The typical loan mod payment is 64% of pre-tax income, as per the Fitch Bank Rating Agency. In contrast, lenders typically will not approve a new loan if the payments go over 35% of pre-tax income. The reason for this is that they understand that for a loan to thrive and avoid becoming a non-performing loan, a reasonable portion of income is needed for the borrower’s other household necessities.
 
This exceptionally high payment requirement causes loan modification to be an unworkable program destined to fail, as stated by Fitch and others.
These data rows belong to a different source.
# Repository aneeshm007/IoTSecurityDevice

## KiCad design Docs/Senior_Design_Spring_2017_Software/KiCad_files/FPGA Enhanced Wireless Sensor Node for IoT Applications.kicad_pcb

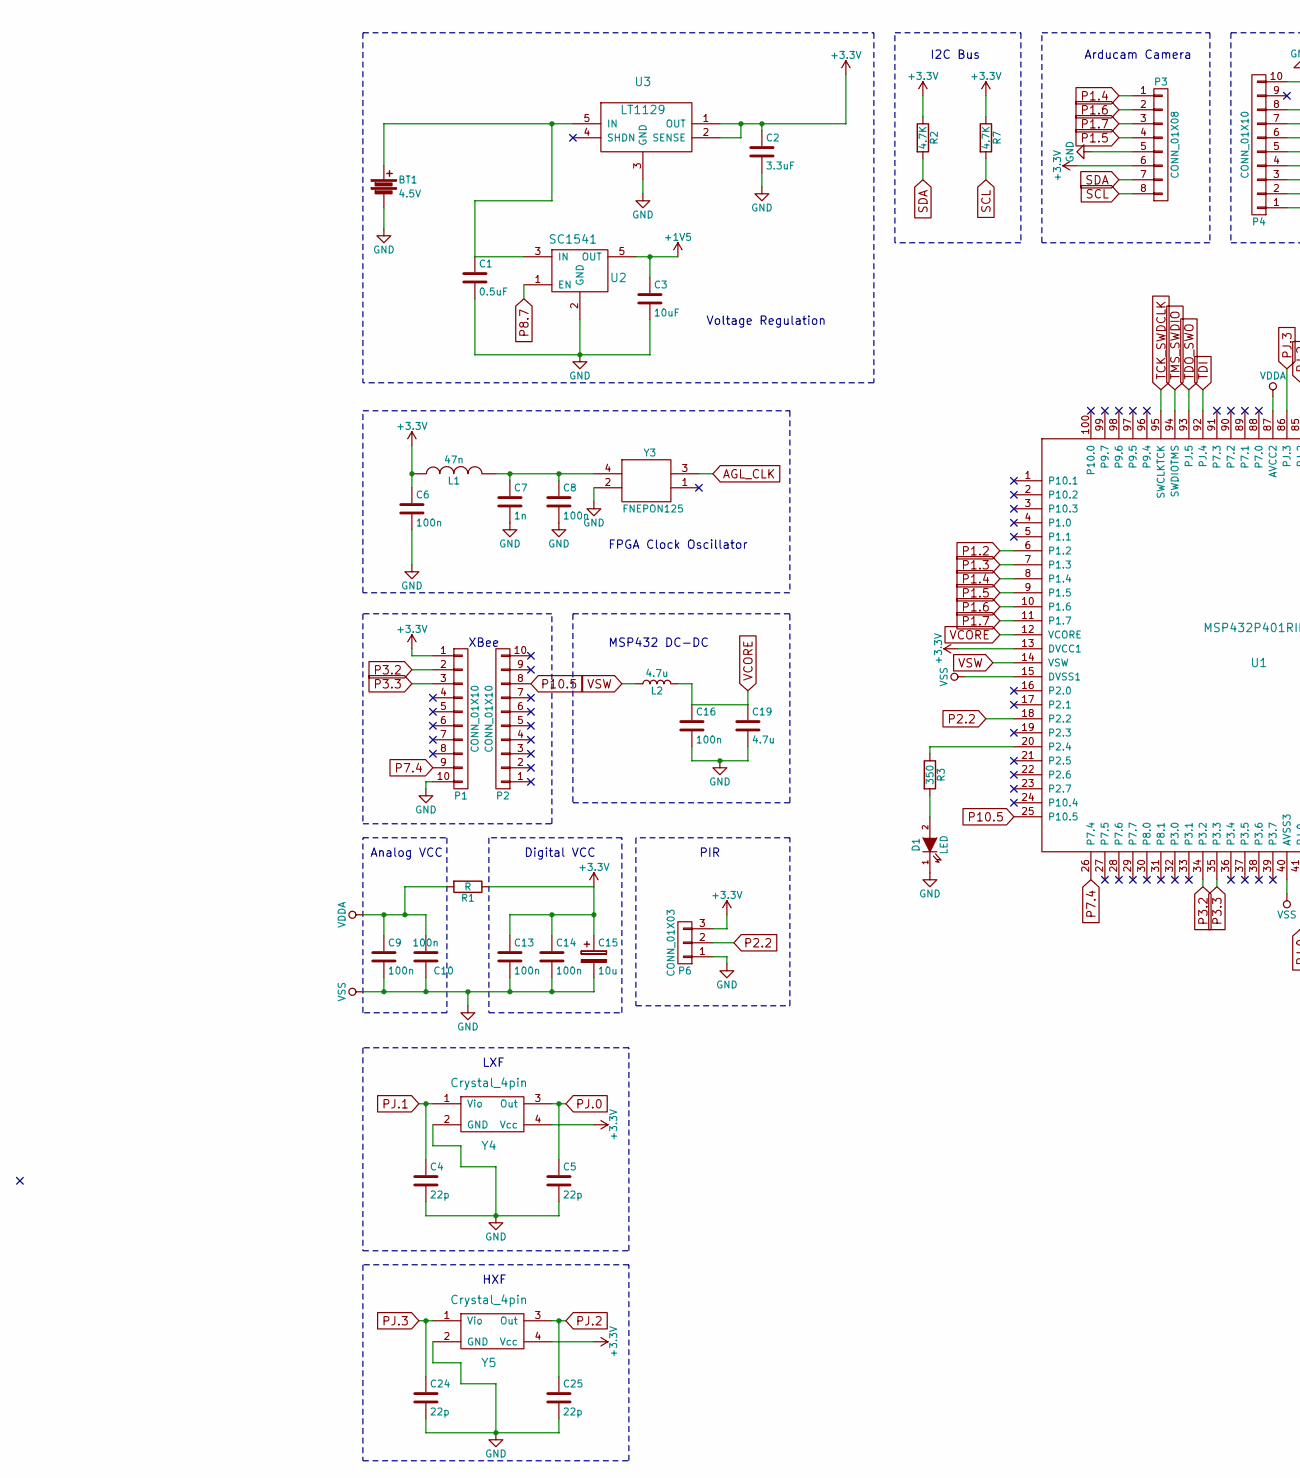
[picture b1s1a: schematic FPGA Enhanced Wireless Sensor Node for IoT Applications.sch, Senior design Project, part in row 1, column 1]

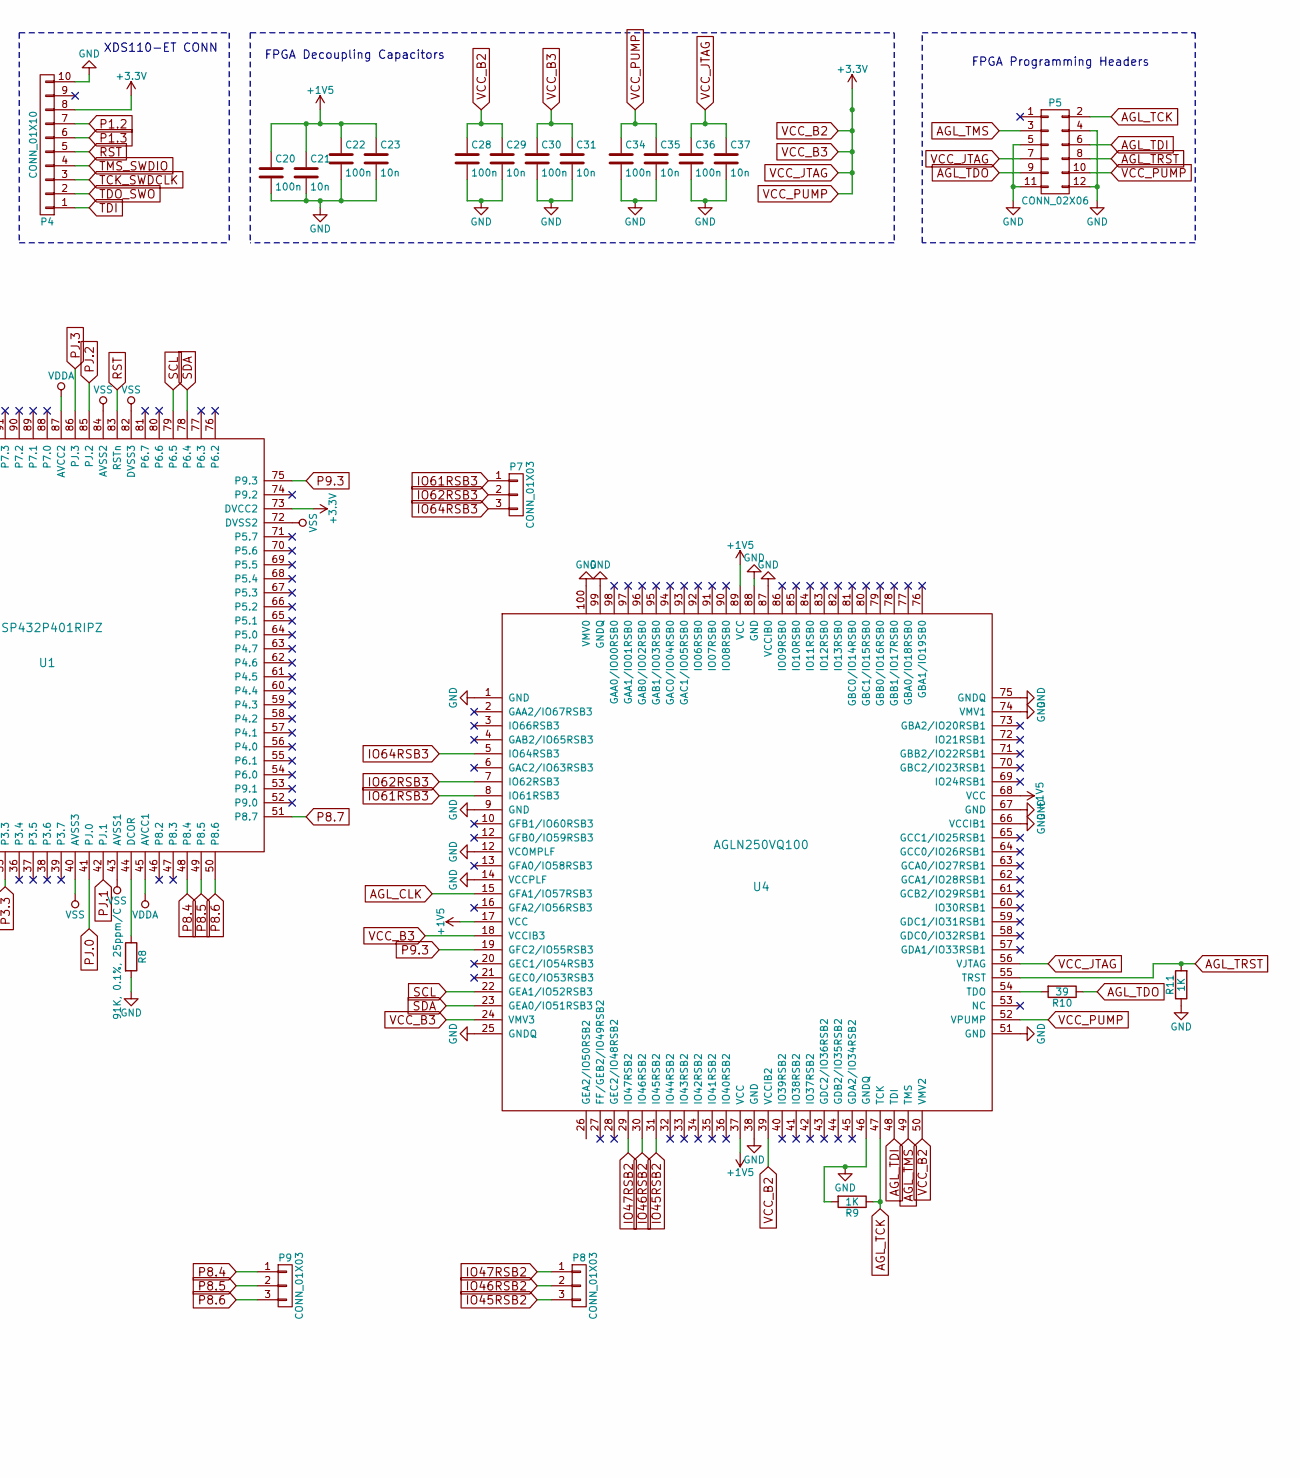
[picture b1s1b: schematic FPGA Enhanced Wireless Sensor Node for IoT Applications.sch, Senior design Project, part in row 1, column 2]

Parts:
BT1: 4.5V; Pin_Header_Straight_1x02_Pitch2.54mm
C1: 0.5uF; C_0603_HandSoldering
C2: 3.3uF; C_0805_HandSoldering
C3: 10uF; C_0805_HandSoldering
C4, C5, C24, C25: 22p; C_0603_HandSoldering
C6, C8, C9, C10, C13, C14, C16, C20, C22, C28, C30, C34, C36: 100n; C_0603_HandSoldering
C7: 1n; C_0603_HandSoldering
C15: 10u; C_0805_HandSoldering
C19: 4.7u; C_0603_HandSoldering
C21, C23, C29, C31, C35, C37: 10n; C_0603_HandSoldering
D1: LED; LED_0805
L1: 47n; C_0603_HandSoldering
L2: 4.7u; C_0603_HandSoldering
P1, P2: CONN_01X10; Pin_Header_Straight_1x10_Pitch2.00mm
P3: CONN_01X08; Pin_Header_Straight_1x08_Pitch2.54mm
P4: CONN_01X10; Pin_Header_Straight_1x10_Pitch2.54mm
P5: CONN_02X06; Pin_Header_Angled_2x06_Pitch2.54mm
P6, P7, P8, P9: CONN_01X03; Pin_Header_Straight_1x03_Pitch2.54mm
R1: R; R_0805_HandSoldering
R2, R7: 4.7K; R_0603_HandSoldering
R3: 350; R_0805_HandSoldering
R8: 91K, 0.1%, 25ppm/C; R_0805_HandSoldering
R9, R11: 1K; R_0805_HandSoldering
R10: 39; R_0603_HandSoldering
U1: MSP432P401RIPZ; LQFP-100_14x14mm_Pitch0.5mm
U2: SC1541; SO-8
U3: LT1129; TO-263-5Lead
U4: AGLN250VQ100; LQFP-100_14x14mm_Pitch0.5mm
Y3: FNEPON125; SOJ-4
Y4: Crystal_4pin; SOJ-4
Y5: Crystal_4pin; SOT-753_(TSOP-5)_Handsoldering

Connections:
+1V5: C3.1, C20.1, C21.1, C22.1, C23.1, U2.5 (OUT), U4.17 (VCC), U4.37 (VCC), U4.68 (VCC), U4.89 (VCC)
AGL_CLK: U4.15 (GFA1/IO57RSB3), Y3.3 (OUT)
AGL_TCK: P5.2, R9.1, U4.47 (TCK)
AGL_TDI: P5.6, U4.48 (TDI)
AGL_TDO: P5.9, R10.1
AGL_TMS: P5.3, U4.49 (TMS)
AGL_TRST: P5.8, R11.2, U4.55 (TRST)
IO45RSB2: P8.3, U4.31 (IO45RSB2)
IO46RSB2: P8.2, U4.30 (IO46RSB2)
IO47RSB2: P8.1, U4.29 (IO47RSB2)
IO61RSB3: P7.1, U4.8 (IO61RSB3)
IO62RSB3: P7.2, U4.7 (IO62RSB3)
IO64RSB3: P7.3, U4.5 (IO64RSB3)
unnamed: BT1.1, C1.1, U2.3 (IN), U3.5 (IN)
unnamed: C7.1, C8.1, L1.2, Y3.4 (VCC)
unnamed: D1.2 (A), R3.2
unnamed: R3.1, U1.20 (P2.4)
unnamed: R8.1, U1.44 (DCOR)
unnamed: R10.2, U4.54 (TDO)
P1.2: P4.7, U1.6 (P1.2)
P1.3: P4.6, U1.7 (P1.3)
P1.4: P3.1, U1.8 (P1.4)
P1.5: P3.4, U1.9 (P1.5)
P1.6: P3.2, U1.10 (P1.6)
P1.7: P3.3, U1.11 (P1.7)
P2.2: P6.2, U1.18 (P2.2)
P3.2: P1.2, U1.34 (P3.2)
P3.3: P1.3, U1.35 (P3.3)
P7.4: P1.9, U1.26 (P7.4)
P8.4: P9.1, U1.48 (P8.4)
P8.5: P9.2, U1.49 (P8.5)
P8.6: P9.3, U1.50 (P8.6)
P8.7: U1.51 (P8.7), U2.1 (EN)
P9.3: U1.75 (P9.3), U4.19 (GFC2/IO55RSB3)
P10.5: P2.8, U1.25 (P10.5)
PJ.0: C5.1, U1.41 (PJ.0), Y4.3 (Out)
PJ.1: C4.1, U1.42 (PJ.1), Y4.1 (Vio)
PJ.2: C25.1, U1.85 (PJ.2), Y5.3 (Out)
PJ.3: C24.1, U1.86 (PJ.3), Y5.1 (Vio)
RST: P4.5, U1.83 (RSTn)
SCL: P3.8, R7.2, U1.79 (P6.5), U4.22 (GEA1/IO52RSB3)
SDA: P3.7, R2.2, U1.78 (P6.4), U4.23 (GEA0/IO51RSB3)
TCK_SWDCLK: P4.3, U1.95 (SWCLKTCK)
TDI: P4.1, U1.92 (PJ.4)
TDO_SWO: P4.2, U1.93 (PJ.5)
TMS_SWDIO: P4.4, U1.94 (SWDIOTMS)
VCC_B2: C2.1, C6.1, C13.1, C14.1, C15.1, C28.1, C29.1, C30.1, C31.1, C34.1, C35.1, C36.1, C37.1, L1.1, P1.1, P3.6, P4.8, P5.7, P5.10, P6.3, R1.1, R2.1, R7.1, U1.13 (DVCC1), U1.73 (DVCC2), U3.1 (OUT), U3.2 (SENSE), U4.18 (VCCIB3), U4.24 (VMV3), U4.39 (VCCIB2), U4.50 (VMV2), U4.52 (VPUMP), U4.56 (VJTAG), Y4.4 (Vcc), Y5.4 (Vcc)
VCORE: C16.1, C19.1, L2.2, U1.12 (VCORE)
VDDA: C9.1, C10.1, R1.2, U1.45 (AVCC1), U1.87 (AVCC2)
VSW: L2.1, U1.14 (VSW)

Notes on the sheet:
XBee
Arducam Camera
FPGA Clock Oscillator
MSP432 DC-DC
Voltage Regulation
I2C Bus
XDS110-ET CONN
Analog VCC
Digital VCC
FPGA Decoupling Capacitors
FPGA Programming Headers
PIR
LXF
HXF

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
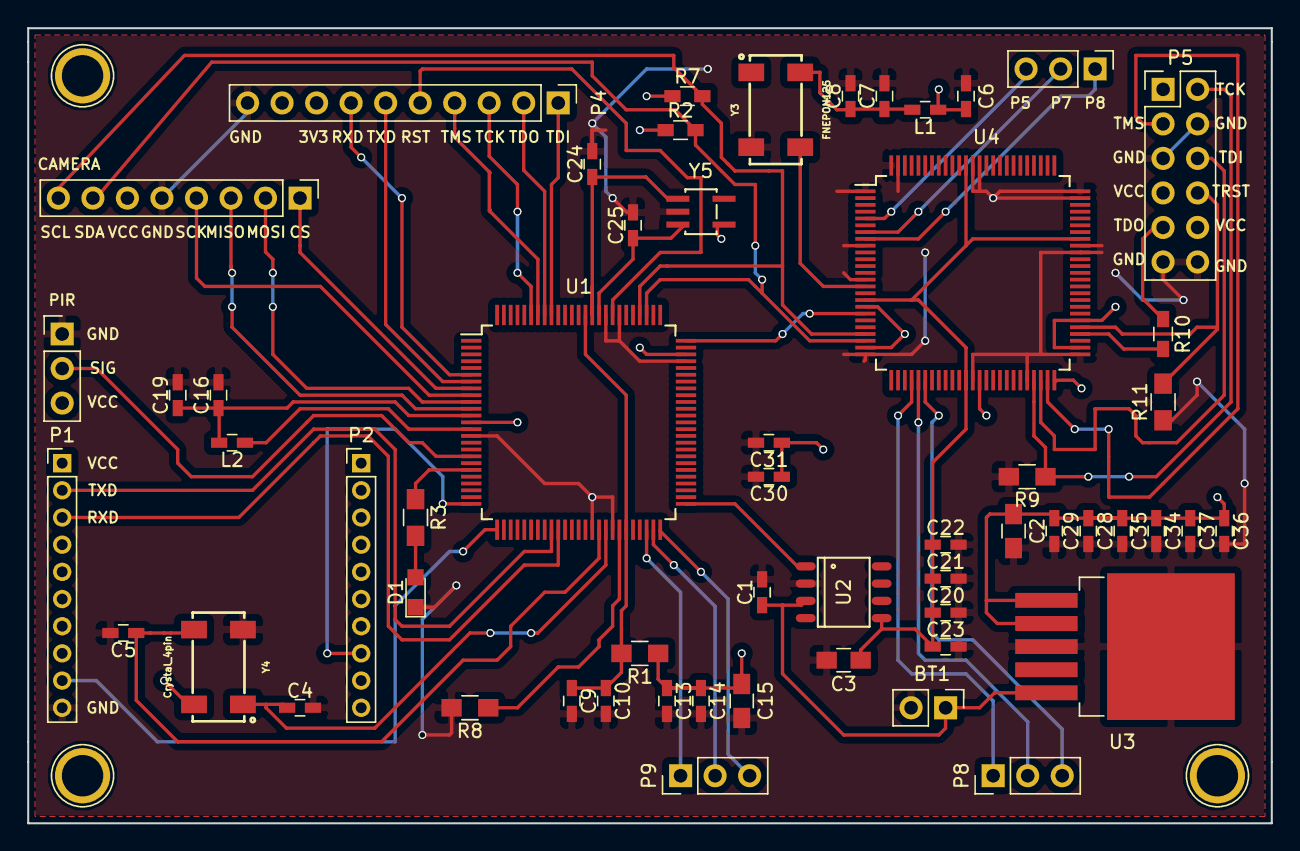
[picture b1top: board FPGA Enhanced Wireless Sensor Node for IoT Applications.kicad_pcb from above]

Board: 2 copper layers, 91.5 x 58.5 mm, 57 parts (0 on the bottom side), 51 nets.

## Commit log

2018-02-02 This is the initial gantt chart we will update this to keep track of our schedule. Feel free to add tasks/goals within your section.
2018-02-11 Added previous documentation
2018-02-21 Completed first draft of the proposal presentation
2018-02-23 Added the outline draft
2018-03-05 Completed the top-down outline for this week
2018-03-25 Progress on Proposal 3/25
2018-04-05 Proposal Slides/Propsoal Presentation

In its assessment, Fitch has criticized the banks’ handling of loan modifications, due to the low permanent loan mod approval rate and the high failure rate after permanent loan mod approval is granted.
 
Unfortunately, state and federal laws and government regulations haven’t been able to force banks to do more to help borrowers prevent foreclosure. This is due to their inability to force banks to absorb more of the monetary losses that have resulted from the housing crisis.

Is Loan Modification Right for You?

Loan mods are not economically sound for the vast majority of San Bernardino County homeowners, due to the considerable drop in housing values. If you’re hoping to lower your debts and expenses, a short sale can significantly reduce your debt and boost personal net worth at the same time.
 
Additionally, if you need a loan modification in San Bernardino County, CA, yet have little or no equity, a short sale is a great tactic to get your bank to make a reasonable loan modification offer.